TASK REQUIREMENTS: Copy, word for word, the lines of the entries below between the one with "#2267 = CARTESIAN_POINT" and the one with "#7390 = CARTESIAN_POINT", inclusive, and leave out everything else.

==== EXERCISE INPUTS ====

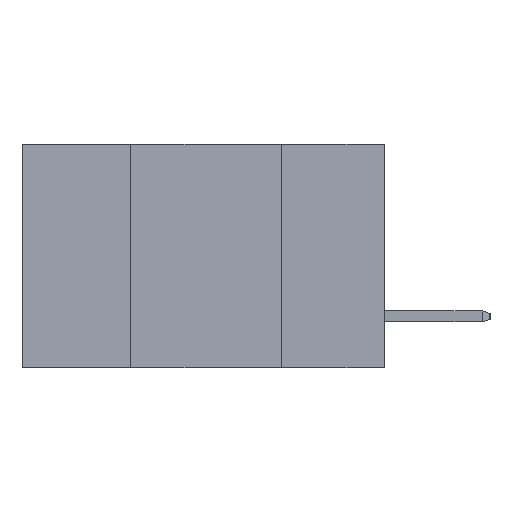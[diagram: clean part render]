
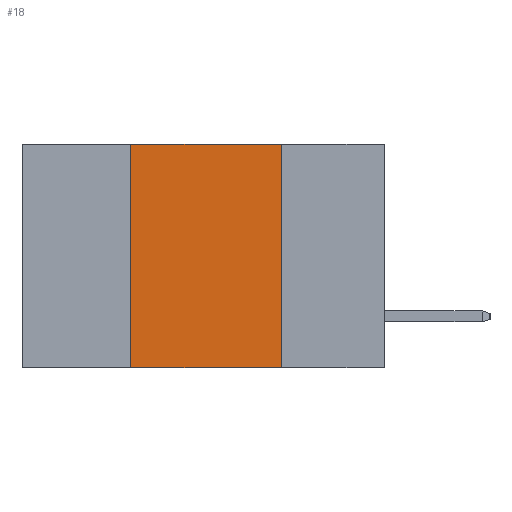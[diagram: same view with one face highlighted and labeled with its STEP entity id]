
A CAD part, left-side view. The second image highlights one B-rep face of the part: STEP entity #18.
In plain terms, the highlighted planar face has unit normal (-1, 0, 0).
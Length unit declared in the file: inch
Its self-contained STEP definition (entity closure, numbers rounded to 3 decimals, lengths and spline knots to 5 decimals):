
#18 = ADVANCED_FACE ( 'NONE', ( #4304 ), #4737, .F. ) ;
#824 = DIRECTION ( 'NONE',  ( 0., 0., 1. ) ) ;
#905 = LINE ( 'NONE', #2769, #12990 ) ;
#970 = VERTEX_POINT ( 'NONE', #18535 ) ;
#1172 = LINE ( 'NONE', #2267, #17998 ) ;
#2267 = CARTESIAN_POINT ( 'NONE',  ( 0., 0.17, -0.37 ) ) ;
#2485 = VERTEX_POINT ( 'NONE', #12372 ) ;
#2769 = CARTESIAN_POINT ( 'NONE',  ( 0., 0.42, -0.37 ) ) ;
#3234 = DIRECTION ( 'NONE',  ( 0., 0., -1. ) ) ;
#3388 = CARTESIAN_POINT ( 'NONE',  ( 0., 0.17, 0. ) ) ;
#3860 = EDGE_LOOP ( 'NONE', ( #13764, #14775, #18923, #6734 ) ) ;
#4304 = FACE_OUTER_BOUND ( 'NONE', #3860, .T. ) ;
#4737 = PLANE ( 'NONE',  #9697 ) ;
#5364 = CARTESIAN_POINT ( 'NONE',  ( 0., 0.6, 0. ) ) ;
#5536 = DIRECTION ( 'NONE',  ( 1., 0., 0. ) ) ;
#6308 = EDGE_CURVE ( 'NONE', #970, #2485, #11771, .T. ) ;
#6734 = ORIENTED_EDGE ( 'NONE', *, *, #6308, .T. ) ;
#6790 = VERTEX_POINT ( 'NONE', #7390 ) ;
#7360 = EDGE_CURVE ( 'NONE', #970, #6790, #905, .T. ) ;
#7390 = CARTESIAN_POINT ( 'NONE',  ( 0., 0.42, 0. ) ) ;
#8462 = EDGE_CURVE ( 'NONE', #6790, #10160, #9969, .T. ) ;
#8518 = CARTESIAN_POINT ( 'NONE',  ( 0., 0.6, 0. ) ) ;
#9354 = DIRECTION ( 'NONE',  ( 0., -1., 0. ) ) ;
#9697 = AXIS2_PLACEMENT_3D ( 'NONE', #5364, #5536, #3234 ) ;
#9756 = CARTESIAN_POINT ( 'NONE',  ( 0., 0.6, -0.37 ) ) ;
#9969 = LINE ( 'NONE', #8518, #17949 ) ;
#10160 = VERTEX_POINT ( 'NONE', #3388 ) ;
#11771 = LINE ( 'NONE', #9756, #16075 ) ;
#12372 = CARTESIAN_POINT ( 'NONE',  ( 0., 0.17, -0.37 ) ) ;
#12990 = VECTOR ( 'NONE', #824, 39.37008 ) ;
#13340 = DIRECTION ( 'NONE',  ( 0., 0., -1. ) ) ;
#13354 = DIRECTION ( 'NONE',  ( 0., -1., 0. ) ) ;
#13764 = ORIENTED_EDGE ( 'NONE', *, *, #13830, .F. ) ;
#13830 = EDGE_CURVE ( 'NONE', #10160, #2485, #1172, .T. ) ;
#14775 = ORIENTED_EDGE ( 'NONE', *, *, #8462, .F. ) ;
#16075 = VECTOR ( 'NONE', #9354, 39.37008 ) ;
#17949 = VECTOR ( 'NONE', #13354, 39.37008 ) ;
#17998 = VECTOR ( 'NONE', #13340, 39.37008 ) ;
#18535 = CARTESIAN_POINT ( 'NONE',  ( 0., 0.42, -0.37 ) ) ;
#18923 = ORIENTED_EDGE ( 'NONE', *, *, #7360, .F. ) ;
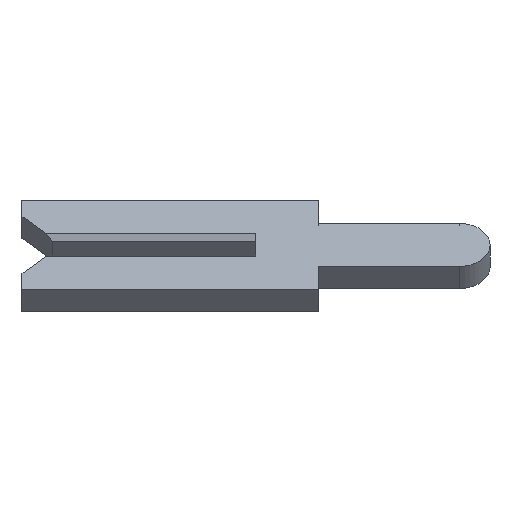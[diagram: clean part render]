
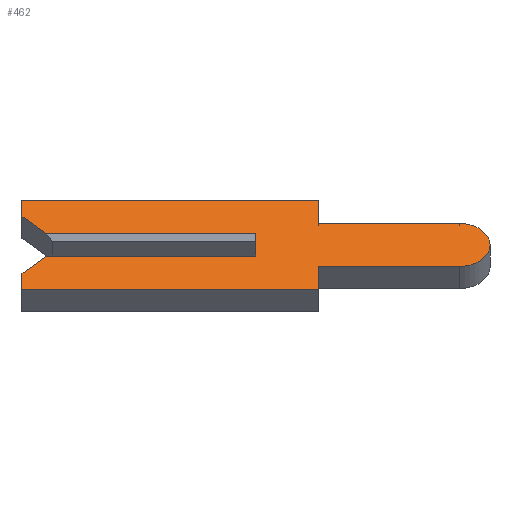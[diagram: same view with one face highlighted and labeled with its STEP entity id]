
A CAD part, left-side view. The second image highlights one B-rep face of the part: STEP entity #462.
In plain terms, the highlighted face is planar.
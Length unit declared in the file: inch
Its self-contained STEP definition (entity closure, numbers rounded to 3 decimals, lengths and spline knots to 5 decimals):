
#1 = VECTOR ( 'NONE', #434, 39.37008 ) ;
#3 = VERTEX_POINT ( 'NONE', #767 ) ;
#26 = ORIENTED_EDGE ( 'NONE', *, *, #602, .F. ) ;
#40 = CIRCLE ( 'NONE', #353, 0.0195 ) ;
#43 = VERTEX_POINT ( 'NONE', #74 ) ;
#44 = ORIENTED_EDGE ( 'NONE', *, *, #184, .F. ) ;
#53 = LINE ( 'NONE', #195, #673 ) ;
#74 = CARTESIAN_POINT ( 'NONE',  ( -0.01, 0.15, 0.04 ) ) ;
#82 = VERTEX_POINT ( 'NONE', #422 ) ;
#83 = CARTESIAN_POINT ( 'NONE',  ( -0.01, 0., 0.0065 ) ) ;
#100 = VECTOR ( 'NONE', #306, 39.37008 ) ;
#101 = ORIENTED_EDGE ( 'NONE', *, *, #229, .F. ) ;
#118 = AXIS2_PLACEMENT_3D ( 'NONE', #884, #601, #881 ) ;
#122 = VECTOR ( 'NONE', #298, 39.37008 ) ;
#135 = VERTEX_POINT ( 'NONE', #213 ) ;
#138 = CARTESIAN_POINT ( 'NONE',  ( -0.01, -0.1305, -0.0195 ) ) ;
#170 = VERTEX_POINT ( 'NONE', #138 ) ;
#176 = VECTOR ( 'NONE', #814, 39.37008 ) ;
#178 = CARTESIAN_POINT ( 'NONE',  ( -0.01, 0., 0.01 ) ) ;
#182 = VERTEX_POINT ( 'NONE', #630 ) ;
#184 = EDGE_CURVE ( 'NONE', #135, #82, #272, .T. ) ;
#185 = LINE ( 'NONE', #519, #402 ) ;
#188 = DIRECTION ( 'NONE',  ( 0., 0., -1. ) ) ;
#191 = ORIENTED_EDGE ( 'NONE', *, *, #483, .F. ) ;
#195 = CARTESIAN_POINT ( 'NONE',  ( -0.01, 0.15, -0.026 ) ) ;
#213 = CARTESIAN_POINT ( 'NONE',  ( -0.01, -0.04, 0.0195 ) ) ;
#216 = ORIENTED_EDGE ( 'NONE', *, *, #458, .F. ) ;
#226 = VERTEX_POINT ( 'NONE', #854 ) ;
#229 = EDGE_CURVE ( 'NONE', #720, #135, #419, .T. ) ;
#232 = CARTESIAN_POINT ( 'NONE',  ( -0.01, -0.1305, -0.01 ) ) ;
#265 = VERTEX_POINT ( 'NONE', #656 ) ;
#270 = EDGE_CURVE ( 'NONE', #592, #521, #919, .T. ) ;
#272 = LINE ( 'NONE', #704, #344 ) ;
#274 = DIRECTION ( 'NONE',  ( 0., -1., 0. ) ) ;
#289 = DIRECTION ( 'NONE',  ( 0., 0.707, 0.707 ) ) ;
#298 = DIRECTION ( 'NONE',  ( 0., -1., 0. ) ) ;
#300 = LINE ( 'NONE', #789, #864 ) ;
#304 = EDGE_CURVE ( 'NONE', #898, #521, #300, .T. ) ;
#306 = DIRECTION ( 'NONE',  ( 0., 0., 1. ) ) ;
#307 = LINE ( 'NONE', #452, #176 ) ;
#321 = PLANE ( 'NONE',  #118 ) ;
#324 = VERTEX_POINT ( 'NONE', #802 ) ;
#336 = EDGE_LOOP ( 'NONE', ( #764, #420, #840, #391, #382, #26, #191, #866, #369, #44, #101, #660, #755, #216 ) ) ;
#338 = DIRECTION ( 'NONE',  ( 0., 0., 1. ) ) ;
#344 = VECTOR ( 'NONE', #274, 39.37008 ) ;
#347 = VECTOR ( 'NONE', #466, 39.37008 ) ;
#352 = CARTESIAN_POINT ( 'NONE',  ( -0.01, -0.04, 0.04 ) ) ;
#353 = AXIS2_PLACEMENT_3D ( 'NONE', #619, #615, #188 ) ;
#360 = LINE ( 'NONE', #461, #439 ) ;
#366 = CARTESIAN_POINT ( 'NONE',  ( -0.01, 0.15, 0.04 ) ) ;
#369 = ORIENTED_EDGE ( 'NONE', *, *, #695, .F. ) ;
#372 = LINE ( 'NONE', #232, #347 ) ;
#381 = EDGE_CURVE ( 'NONE', #226, #43, #467, .T. ) ;
#382 = ORIENTED_EDGE ( 'NONE', *, *, #910, .F. ) ;
#387 = CARTESIAN_POINT ( 'NONE',  ( -0.01, 0., -0.01 ) ) ;
#391 = ORIENTED_EDGE ( 'NONE', *, *, #530, .F. ) ;
#398 = VECTOR ( 'NONE', #869, 39.37008 ) ;
#402 = VECTOR ( 'NONE', #525, 39.37008 ) ;
#403 = CARTESIAN_POINT ( 'NONE',  ( -0.01, 0.134, 0.01 ) ) ;
#408 = VECTOR ( 'NONE', #504, 39.37008 ) ;
#419 = LINE ( 'NONE', #352, #1 ) ;
#420 = ORIENTED_EDGE ( 'NONE', *, *, #270, .F. ) ;
#422 = CARTESIAN_POINT ( 'NONE',  ( -0.01, -0.1305, 0.0195 ) ) ;
#424 = EDGE_CURVE ( 'NONE', #43, #720, #883, .T. ) ;
#430 = CARTESIAN_POINT ( 'NONE',  ( -0.01, -0.04, -0.0195 ) ) ;
#434 = DIRECTION ( 'NONE',  ( 0., 0., -1. ) ) ;
#438 = EDGE_CURVE ( 'NONE', #170, #324, #917, .T. ) ;
#439 = VECTOR ( 'NONE', #671, 39.37008 ) ;
#452 = CARTESIAN_POINT ( 'NONE',  ( -0.01, -0.04, -0.04 ) ) ;
#458 = EDGE_CURVE ( 'NONE', #898, #226, #740, .T. ) ;
#461 = CARTESIAN_POINT ( 'NONE',  ( -0.01, 0.15, -0.04 ) ) ;
#462 = ADVANCED_FACE ( 'NONE', ( #580 ), #321, .F. ) ;
#466 = DIRECTION ( 'NONE',  ( 0., -1., 0. ) ) ;
#467 = LINE ( 'NONE', #731, #100 ) ;
#483 = EDGE_CURVE ( 'NONE', #324, #182, #307, .T. ) ;
#504 = DIRECTION ( 'NONE',  ( 0., 1., 0. ) ) ;
#519 = CARTESIAN_POINT ( 'NONE',  ( -0.01, 0.1305, -0.0065 ) ) ;
#521 = VERTEX_POINT ( 'NONE', #178 ) ;
#525 = DIRECTION ( 'NONE',  ( 0., -0.707, 0.707 ) ) ;
#530 = EDGE_CURVE ( 'NONE', #265, #839, #185, .T. ) ;
#554 = CARTESIAN_POINT ( 'NONE',  ( -0.01, 0.134, -0.01 ) ) ;
#580 = FACE_OUTER_BOUND ( 'NONE', #336, .T. ) ;
#592 = VERTEX_POINT ( 'NONE', #387 ) ;
#601 = DIRECTION ( 'NONE',  ( 1., 0., 0. ) ) ;
#602 = EDGE_CURVE ( 'NONE', #182, #3, #360, .T. ) ;
#615 = DIRECTION ( 'NONE',  ( 1., 0., 0. ) ) ;
#619 = CARTESIAN_POINT ( 'NONE',  ( -0.01, -0.1305, 0. ) ) ;
#630 = CARTESIAN_POINT ( 'NONE',  ( -0.01, -0.04, -0.04 ) ) ;
#650 = EDGE_CURVE ( 'NONE', #839, #592, #372, .T. ) ;
#656 = CARTESIAN_POINT ( 'NONE',  ( -0.01, 0.15, -0.026 ) ) ;
#659 = DIRECTION ( 'NONE',  ( 0., -1., 0. ) ) ;
#660 = ORIENTED_EDGE ( 'NONE', *, *, #424, .F. ) ;
#671 = DIRECTION ( 'NONE',  ( 0., 1., 0. ) ) ;
#673 = VECTOR ( 'NONE', #338, 39.37008 ) ;
#689 = CARTESIAN_POINT ( 'NONE',  ( -0.01, -0.04, 0.04 ) ) ;
#695 = EDGE_CURVE ( 'NONE', #82, #170, #40, .T. ) ;
#704 = CARTESIAN_POINT ( 'NONE',  ( -0.01, -0.04, 0.0195 ) ) ;
#720 = VERTEX_POINT ( 'NONE', #689 ) ;
#731 = CARTESIAN_POINT ( 'NONE',  ( -0.01, 0.15, 0.026 ) ) ;
#740 = LINE ( 'NONE', #797, #902 ) ;
#755 = ORIENTED_EDGE ( 'NONE', *, *, #381, .F. ) ;
#764 = ORIENTED_EDGE ( 'NONE', *, *, #304, .T. ) ;
#767 = CARTESIAN_POINT ( 'NONE',  ( -0.01, 0.15, -0.04 ) ) ;
#789 = CARTESIAN_POINT ( 'NONE',  ( -0.01, 0.15, 0.01 ) ) ;
#797 = CARTESIAN_POINT ( 'NONE',  ( -0.01, 0.1305, 0.0065 ) ) ;
#802 = CARTESIAN_POINT ( 'NONE',  ( -0.01, -0.04, -0.0195 ) ) ;
#814 = DIRECTION ( 'NONE',  ( 0., 0., -1. ) ) ;
#839 = VERTEX_POINT ( 'NONE', #554 ) ;
#840 = ORIENTED_EDGE ( 'NONE', *, *, #650, .F. ) ;
#854 = CARTESIAN_POINT ( 'NONE',  ( -0.01, 0.15, 0.026 ) ) ;
#864 = VECTOR ( 'NONE', #659, 39.37008 ) ;
#866 = ORIENTED_EDGE ( 'NONE', *, *, #438, .F. ) ;
#869 = DIRECTION ( 'NONE',  ( 0., 0., 1. ) ) ;
#881 = DIRECTION ( 'NONE',  ( 0., 0., -1. ) ) ;
#883 = LINE ( 'NONE', #366, #122 ) ;
#884 = CARTESIAN_POINT ( 'NONE',  ( -0.01, -0.1305, 0. ) ) ;
#898 = VERTEX_POINT ( 'NONE', #403 ) ;
#902 = VECTOR ( 'NONE', #289, 39.37008 ) ;
#910 = EDGE_CURVE ( 'NONE', #3, #265, #53, .T. ) ;
#917 = LINE ( 'NONE', #430, #408 ) ;
#919 = LINE ( 'NONE', #83, #398 ) ;
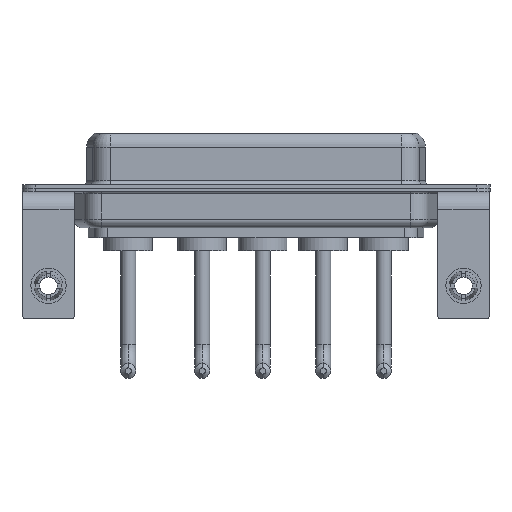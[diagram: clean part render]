
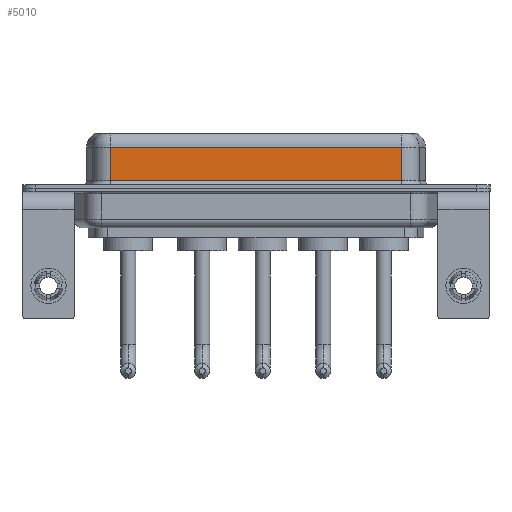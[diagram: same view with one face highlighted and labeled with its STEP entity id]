
A CAD part, front view. The second image highlights one B-rep face of the part: STEP entity #5010.
In plain terms, the highlighted planar face has unit normal (0, -1, 0).
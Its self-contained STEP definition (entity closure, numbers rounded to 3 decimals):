
#175 = CARTESIAN_POINT ( 'NONE',  ( 7.013, -3.95, 4.65 ) ) ;
#246 = VERTEX_POINT ( 'NONE', #8351 ) ;
#667 = CARTESIAN_POINT ( 'NONE',  ( 40.037, -3.95, 6.4 ) ) ;
#892 = DIRECTION ( 'NONE',  ( 0., 0., -1. ) ) ;
#1027 = EDGE_CURVE ( 'NONE', #246, #13763, #12672, .T. ) ;
#1814 = CARTESIAN_POINT ( 'NONE',  ( 7.013, -3.95, 0.9 ) ) ;
#1845 = ORIENTED_EDGE ( 'NONE', *, *, #12755, .T. ) ;
#3345 = VERTEX_POINT ( 'NONE', #1814 ) ;
#3389 = LINE ( 'NONE', #11611, #9469 ) ;
#3524 = ORIENTED_EDGE ( 'NONE', *, *, #1027, .T. ) ;
#3881 = CARTESIAN_POINT ( 'NONE',  ( 40.037, -3.95, 0.9 ) ) ;
#4568 = CARTESIAN_POINT ( 'NONE',  ( 40.037, -3.95, 6.4 ) ) ;
#5010 = ADVANCED_FACE ( 'NONE', ( #13892 ), #10572, .F. ) ;
#5675 = DIRECTION ( 'NONE',  ( 1., 0., 0. ) ) ;
#6366 = EDGE_CURVE ( 'NONE', #3345, #12417, #3389, .T. ) ;
#7110 = ORIENTED_EDGE ( 'NONE', *, *, #12492, .F. ) ;
#7299 = LINE ( 'NONE', #11940, #12328 ) ;
#7926 = CARTESIAN_POINT ( 'NONE',  ( 40.037, -3.95, 4.65 ) ) ;
#8237 = ORIENTED_EDGE ( 'NONE', *, *, #6366, .T. ) ;
#8351 = CARTESIAN_POINT ( 'NONE',  ( 40.037, -3.95, 4.65 ) ) ;
#8567 = VECTOR ( 'NONE', #13579, 1000. ) ;
#9133 = EDGE_LOOP ( 'NONE', ( #7110, #3524, #1845, #8237 ) ) ;
#9469 = VECTOR ( 'NONE', #5675, 1000. ) ;
#10109 = LINE ( 'NONE', #667, #14775 ) ;
#10499 = DIRECTION ( 'NONE',  ( 0., 0., 1. ) ) ;
#10572 = PLANE ( 'NONE',  #14081 ) ;
#11611 = CARTESIAN_POINT ( 'NONE',  ( 40.037, -3.95, 0.9 ) ) ;
#11940 = CARTESIAN_POINT ( 'NONE',  ( 7.013, -3.95, 6.4 ) ) ;
#12086 = DIRECTION ( 'NONE',  ( 0., 0., -1. ) ) ;
#12328 = VECTOR ( 'NONE', #12086, 1000. ) ;
#12417 = VERTEX_POINT ( 'NONE', #3881 ) ;
#12492 = EDGE_CURVE ( 'NONE', #246, #12417, #10109, .T. ) ;
#12672 = LINE ( 'NONE', #7926, #8567 ) ;
#12755 = EDGE_CURVE ( 'NONE', #13763, #3345, #7299, .T. ) ;
#12817 = DIRECTION ( 'NONE',  ( 0., 1., 0. ) ) ;
#13579 = DIRECTION ( 'NONE',  ( -1., 0., 0. ) ) ;
#13763 = VERTEX_POINT ( 'NONE', #175 ) ;
#13892 = FACE_OUTER_BOUND ( 'NONE', #9133, .T. ) ;
#14081 = AXIS2_PLACEMENT_3D ( 'NONE', #4568, #12817, #10499 ) ;
#14775 = VECTOR ( 'NONE', #892, 1000. ) ;

====

ANSWER TO THIS TASK:
#2267 = CARTESIAN_POINT ( 'NONE',  ( 0., 0.17, -0.37 ) ) ;
#2485 = VERTEX_POINT ( 'NONE', #12372 ) ;
#2769 = CARTESIAN_POINT ( 'NONE',  ( 0., 0.42, -0.37 ) ) ;
#3234 = DIRECTION ( 'NONE',  ( 0., 0., -1. ) ) ;
#3388 = CARTESIAN_POINT ( 'NONE',  ( 0., 0.17, 0. ) ) ;
#3860 = EDGE_LOOP ( 'NONE', ( #13764, #14775, #18923, #6734 ) ) ;
#4304 = FACE_OUTER_BOUND ( 'NONE', #3860, .T. ) ;
#4737 = PLANE ( 'NONE',  #9697 ) ;
#5364 = CARTESIAN_POINT ( 'NONE',  ( 0., 0.6, 0. ) ) ;
#5536 = DIRECTION ( 'NONE',  ( 1., 0., 0. ) ) ;
#6308 = EDGE_CURVE ( 'NONE', #970, #2485, #11771, .T. ) ;
#6734 = ORIENTED_EDGE ( 'NONE', *, *, #6308, .T. ) ;
#6790 = VERTEX_POINT ( 'NONE', #7390 ) ;
#7360 = EDGE_CURVE ( 'NONE', #970, #6790, #905, .T. ) ;
#7390 = CARTESIAN_POINT ( 'NONE',  ( 0., 0.42, 0. ) ) ;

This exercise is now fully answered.